PHP Tutorial - Page 1

Tutorial: Simple PHP Tutorial

If you have never used PHP before, this page gives some simple examples to get you started.  This page also gives a simple example of how to access a MySQL database from within PHP.

Using the CompSci web server at Biola

To publish a web page using the Computer Science web server, named compsci.biola.edu, you need to get an account on the server then put HTML or PHP files into the Sites directory.  To get an account, ask Dr.

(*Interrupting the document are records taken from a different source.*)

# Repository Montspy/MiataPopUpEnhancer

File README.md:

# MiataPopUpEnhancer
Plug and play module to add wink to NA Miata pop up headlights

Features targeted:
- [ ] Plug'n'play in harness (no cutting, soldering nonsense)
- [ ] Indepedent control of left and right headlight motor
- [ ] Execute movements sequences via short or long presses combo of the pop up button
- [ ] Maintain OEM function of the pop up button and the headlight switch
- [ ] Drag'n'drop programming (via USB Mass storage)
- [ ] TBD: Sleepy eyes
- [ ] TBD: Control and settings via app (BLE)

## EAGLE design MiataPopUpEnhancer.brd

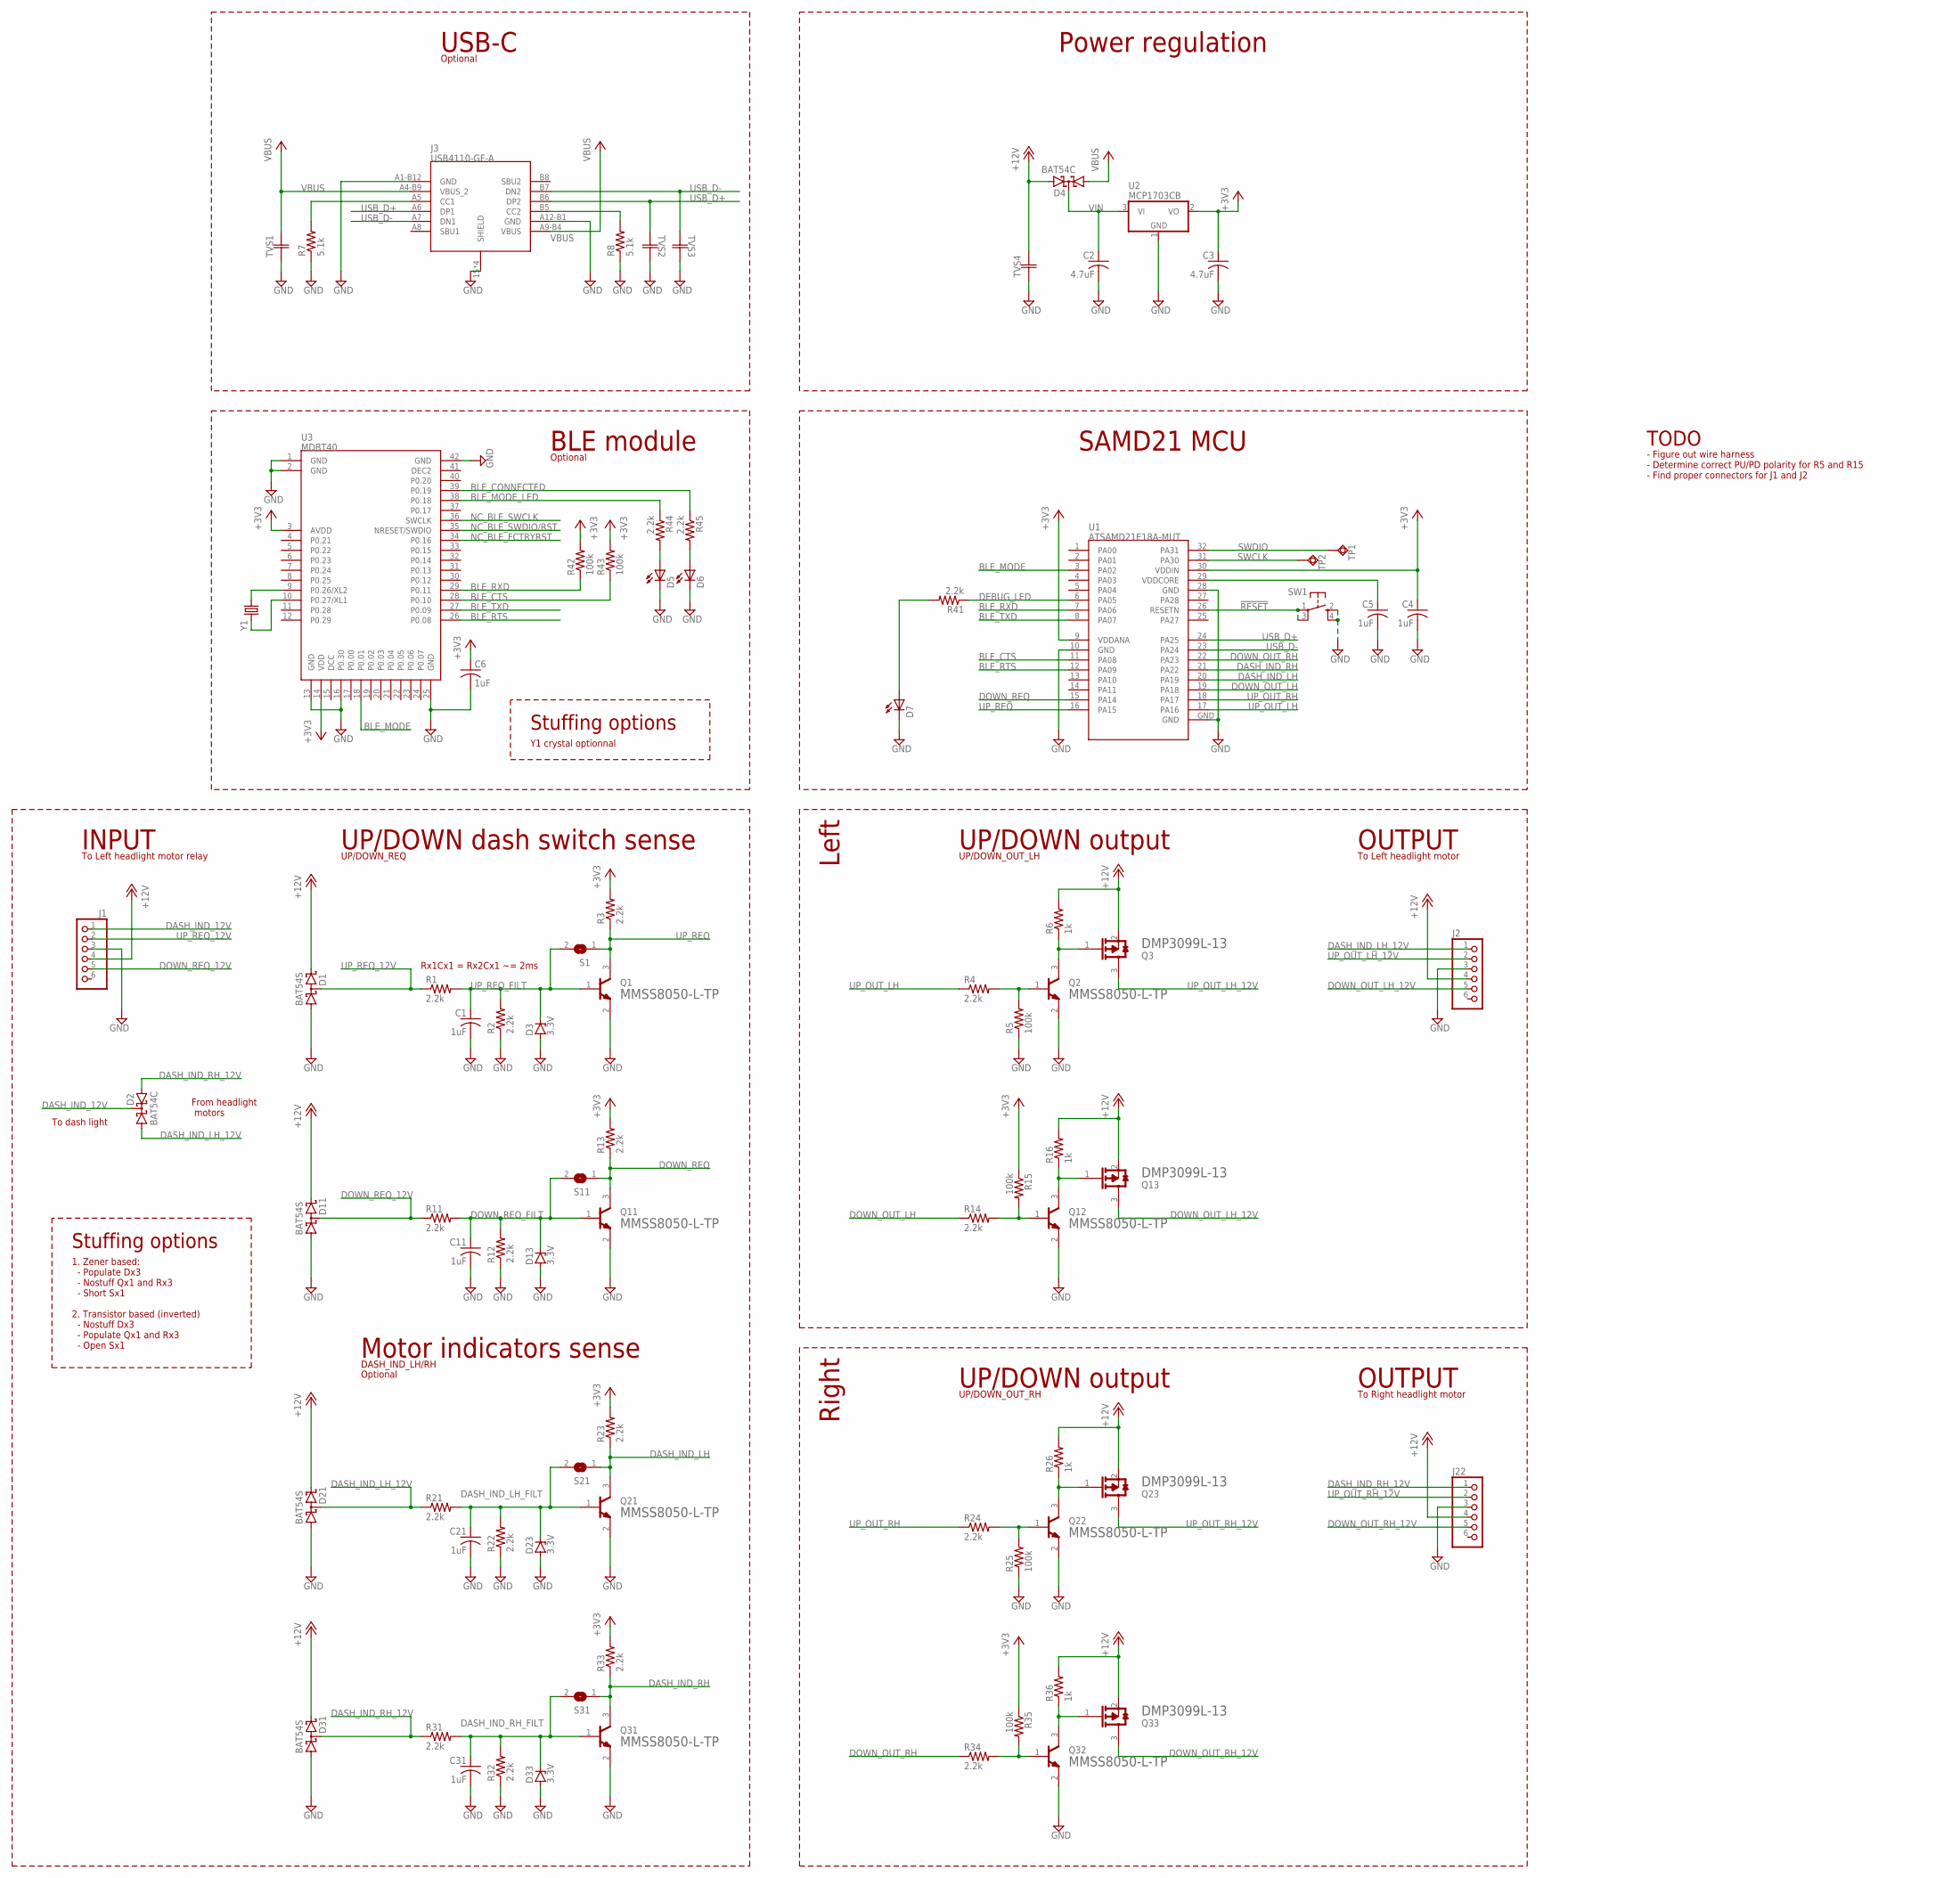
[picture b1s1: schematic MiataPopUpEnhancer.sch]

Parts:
C1, C4, C5, C6, C11, C21, C31: 1uF; C0603
C2: 4.7uF; C0603K
C3: 4.7uF; C0603
D1, D11, D21, D31: BAT54S; SOT23
D2, D4: BAT54C; SOT23
D3, D13, D23, D33: 3.3V; TO236
D5, D6, D7: LEDCHIPLED_0603; CHIPLED_0603
J1, J2, J22: PINHD-1X6LOCK; 1X06-BIGLOCK
J3: USB4110-GF-A; USB4110-GF-A_GCT
Q1, Q2, Q11, Q12, Q21, Q22, Q31, Q32: MICRO_COMMERCIAL_MMSS8050-L-TPMICRO_COMMERCIAL_MM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; MICRO_COMMERCIAL_MMSS8050-L-TP_0
Q3, Q13, Q23, Q33: DIODES_INC_DMP3099L-13DIODES_INC_DMP3099L-13_0_0; DIODES_INC_DMP3099L-13_0
R1, R2, R3, R4, R11, R12, R13, R14, R21, R22, R23, R24, R31, R32, R33, R34, R41, R44, R45: 2.2k; R0603
R5, R15, R25, R35, R42, R43: 100k; R0603
R6, R16, R26, R36: 1k; R0603
R7, R8: 5.1k; R0603
S1, S11, S21, S31: SJ
SW1: KMR2
TP1, TP2: TPSQB2,54; B2,54
TVS1, TVS2, TVS3, TVS4: ESDU02A5V5R17V; CAP_ESDU02_STP
U1: ATSAMD21E18A-MUT; QFN32
U2: MCP1703CB; SOT23
U3: MDBT40
Y1: ABS25-32.768KHZ-T; MM20SS

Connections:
!RESET: SW1.1, SW1.3 (P1), U1.26 (RESETN)
+3V3: C3.1, C4.1, C6.1, R3.2, R13.2, R15.1, R23.2, R33.2, R35.1, R42.2, R43.2, U1.9 (VDDANA), U1.30 (VDDIN), U2.2 (VO), U3.3 (AVDD), U3.14 (VDD)
+12V: D1.2 (C2), D4.2 (A2), D11.2 (C2), D21.2 (C2), D31.2 (C2), J1.4, J2.4, J22.4, Q3.2 (S), Q13.2 (S), Q23.2 (S), Q33.2 (S), R6.2, R16.2, R26.2, R36.2, TVS4.1
BLE_CONNECTED: R45.1, U3.39 (P0.19)
BLE_CTS: R43.1, U1.11 (PA08), U3.28 (P0.10)
BLE_MODE: U1.3 (PA02), U3.18 (P0.01)
BLE_MODE_LED: R44.1, U3.38 (P0.18)
BLE_RTS: U1.12 (PA09), U3.26 (P0.08)
BLE_RXD: R42.1, U1.7 (PA06), U3.29 (P0.11)
BLE_TXD: U1.8 (PA07), U3.27 (P0.09)
CC1: J3.A5 (CC1), R7.2
CC2: J3.B5 (CC2), R8.2
DASH_IND_12V: D2.3 (CC), J1.1
DASH_IND_LH: Q21.3 (C), R23.1, S21.1, U1.20 (PA19)
DASH_IND_LH_12V: D2.1 (A1), D21.3 (C1A2), J2.1, R21.1
DASH_IND_LH_FILT: C21.1, D23.C, Q21.1 (B), R21.2, R22.2, S21.2
DASH_IND_RH: Q31.3 (C), R33.1, S31.1, U1.21 (PA22)
DASH_IND_RH_12V: D2.2 (A2), D31.3 (C1A2), J22.1, R31.1
DASH_IND_RH_FILT: C31.1, D33.C, Q31.1 (B), R31.2, R32.2, S31.2
DEBUG_LED: R41.1, U1.6 (PA05)
DOWN_OUT_LH: R14.1, U1.19 (PA18)
DOWN_OUT_LH_12V: J2.5, Q13.3 (D)
DOWN_OUT_RH: R34.1, U1.22 (PA23)
DOWN_OUT_RH_12V: J22.5, Q33.3 (D)
DOWN_REQ: Q11.3 (C), R13.1, S11.1, U1.15 (PA14)
DOWN_REQ_12V: D11.3 (C1A2), J1.5, R11.1
DOWN_REQ_FILT: C11.1, D13.C, Q11.1 (B), R11.2, R12.2, S11.2
GND: C1.2, C2.2, C3.2, C4.2, C5.2, C6.2, C11.2, C21.2, C31.2, D1.1 (A1), D3.A, D5.C, D6.C, D7.C, D11.1 (A1), D13.A, D21.1 (A1), D23.A, D31.1 (A1), D33.A, J1.3, J2.3, J3.15 (SHIELD), J3.16 (SHIELD), J3.17 (SHIELD), J3.18 (SHIELD), J3.A1-B12 (GND), J3.A12-B1 (GND), J22.3, Q1.2 (E), Q2.2 (E), Q11.2 (E), Q12.2 (E), Q21.2 (E), Q22.2 (E), Q31.2 (E), Q32.2 (E), R2.1, R5.1, R7.1, R8.1, R12.1, R22.1, R25.1, R32.1, SW1.2 (S), SW1.4 (S1), TVS1.1, TVS2.1, TVS3.1, TVS4.2, U1.10 (GND), U1.28 (GND), U1.GND, U2.1 (GND), U3.1 (GND), U3.2 (GND), U3.13 (GND), U3.16 (P0.30), U3.25 (GND), U3.42 (GND)
unnamed: Q12.3 (C), Q13.1 (G), R16.1
unnamed: Q2.3 (C), Q3.1 (G), R6.1
unnamed: Q12.1 (B), R14.2, R15.2
unnamed: Q2.1 (B), R4.2, R5.2
unnamed: Q22.3 (C), Q23.1 (G), R26.1
unnamed: Q22.1 (B), R24.2, R25.2
unnamed: Q32.3 (C), Q33.1 (G), R36.1
unnamed: Q32.1 (B), R34.2, R35.2
unnamed: D5.A, R44.2
unnamed: D6.A, R45.2
unnamed: D7.A, R41.2
NC_BLE_FCTRYRST: U3.34 (P0.16)
NC_BLE_SWCLK: U3.36 (SWCLK)
NC_BLE_SWDIO/RST: U3.35 (NRESET/SWDIO)
SWCLK: TP2.TP, U1.31 (PA30)
SWDIO: TP1.TP, U1.32 (PA31)
UP_OUT_LH: R4.1, U1.17 (PA16)
UP_OUT_LH_12V: J2.2, Q3.3 (D)
UP_OUT_RH: R24.1, U1.18 (PA17)
UP_OUT_RH_12V: J22.2, Q23.3 (D)
UP_REQ: Q1.3 (C), R3.1, S1.1, U1.16 (PA15)
UP_REQ_12V: D1.3 (C1A2), J1.2, R1.1
UP_REQ_FILT: C1.1, D3.C, Q1.1 (B), R1.2, R2.2, S1.2
USB_D+: J3.A6 (DP1), J3.B6 (DP2), TVS2.2, U1.24 (PA25)
USB_D-: J3.A7 (DN1), J3.B7 (DN2), TVS3.2, U1.23 (PA24)
VBUS: D4.1 (A1), J3.A4-B9 (VBUS_2), J3.A9-B4 (VBUS), TVS1.2
VDDCORE: C5.1, U1.29 (VDDCORE)
VIN: C2.1, D4.3 (CC), U2.3 (VI)
XL1: U3.10 (P0.27/XL1), Y1.4 (2)
XL2: U3.9 (P0.26/XL2), Y1.1

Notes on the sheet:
INPUT
OUTPUT
UP/DOWN dash switch sense
UP/DOWN output
Rx1Cx1 = Rx2Cx1 ~= 2ms
BLE module
SAMD21 MCU
To Left headlight motor relay
To Left headlight motor
Optional
TODO
- Figure out wire harness - Determine correct PU/PD polarity for R5 and R15 - Find proper connectors for J1 and J2
Stuffing options
1. Zener based: - Populate Dx3 - Nostuff Qx1 and Rx3 - Short Sx1 2. Transistor based (inverted) - Nostuff Dx3 - Populate Qx1 and Rx3 - Open Sx1
Left
To Right headlight motor
Right
From headlight motors
To dash light
Power regulation
USB-C
Motor indicators sense
UP/DOWN_REQ
DASH_IND_LH/RH
UP/DOWN_OUT_LH
UP/DOWN_OUT_RH
Y1 crystal optionnal

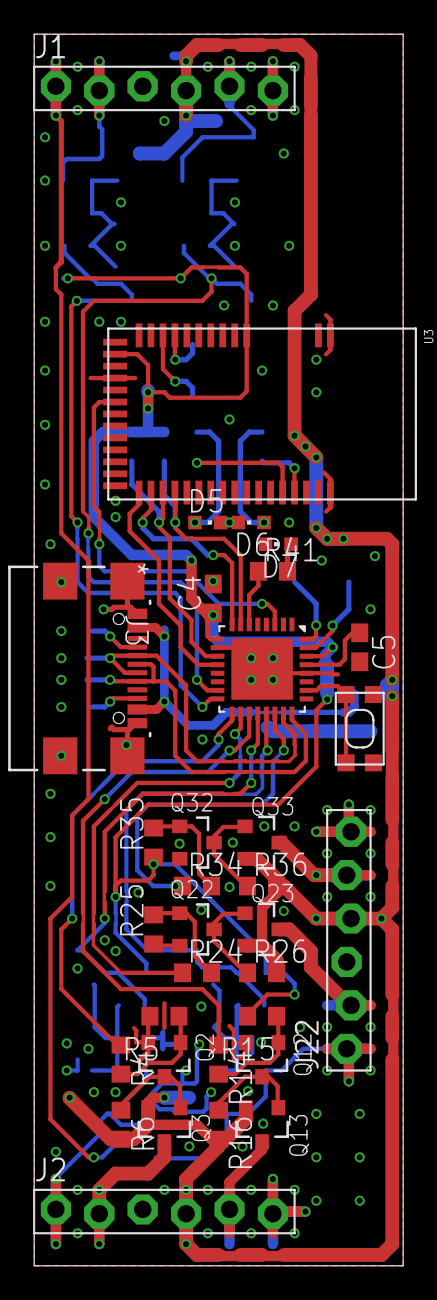
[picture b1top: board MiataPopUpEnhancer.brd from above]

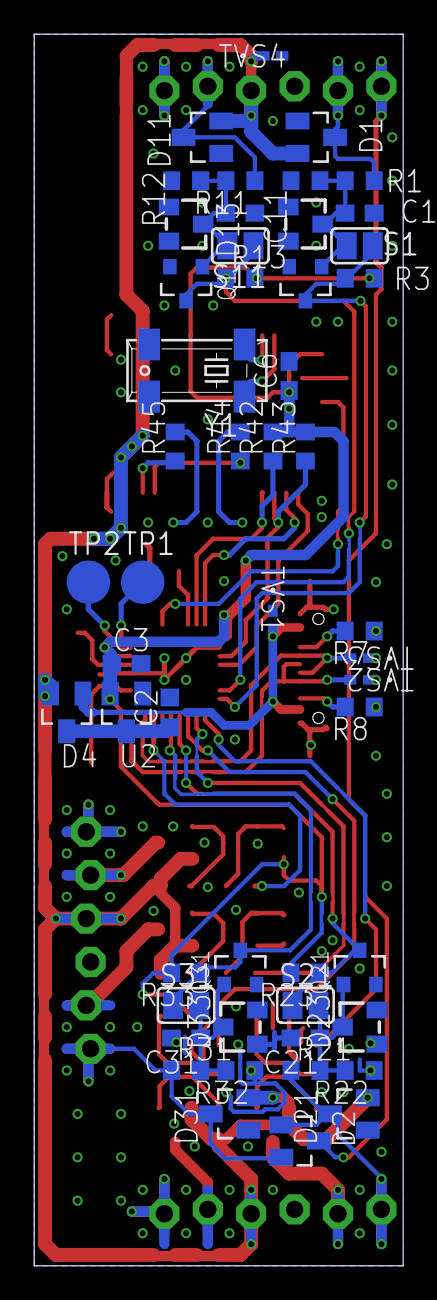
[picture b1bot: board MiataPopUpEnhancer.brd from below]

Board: 2 copper layers, 21.6 x 72.1 mm, 84 parts (51 on the bottom side), 55 nets.

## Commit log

2021-11-07 First darft of schematic
2021-11-07 Useful bookmarks
2021-11-07 Adds connectors documentation
2021-11-08 Adds BLE module Adds Motor indicator sense circuitry Simplifies INPUT circuitry for UP/DOWN requests Adds circuit protections
2021-11-08 Adds PDF version of sch
2021-11-17 Adds first draft of board file. Updates USBC receptable footprint Minor corrections to schematic
2021-11-18 Continues routing and cleanup of south end of board
2021-11-19 First complete layout. Still using headers for connectors

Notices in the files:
parts and their libraries:
COPYRIGHT: Copyright (C) 2021 Ultra Librarian. All rights reserved.

Lin or Matthew Weathers.  Once you have an account, you can use FTP to transfer files, or from a Windows computer, type in this address:

\\compsci.biola.edu\your_username\Sites

Your web pages will then be visible at http://compsci.biola.edu/~your_username

A Simple PHP Program

A PHP program is just an HTML file with some special PHP tags where the code goes.  The file should end in .php rather than .html, and it will have some PHP code between tags that look like this: <?php ... ?>.  Everything inside those tags is part of your PHP program, and gets run when the web server displays the page.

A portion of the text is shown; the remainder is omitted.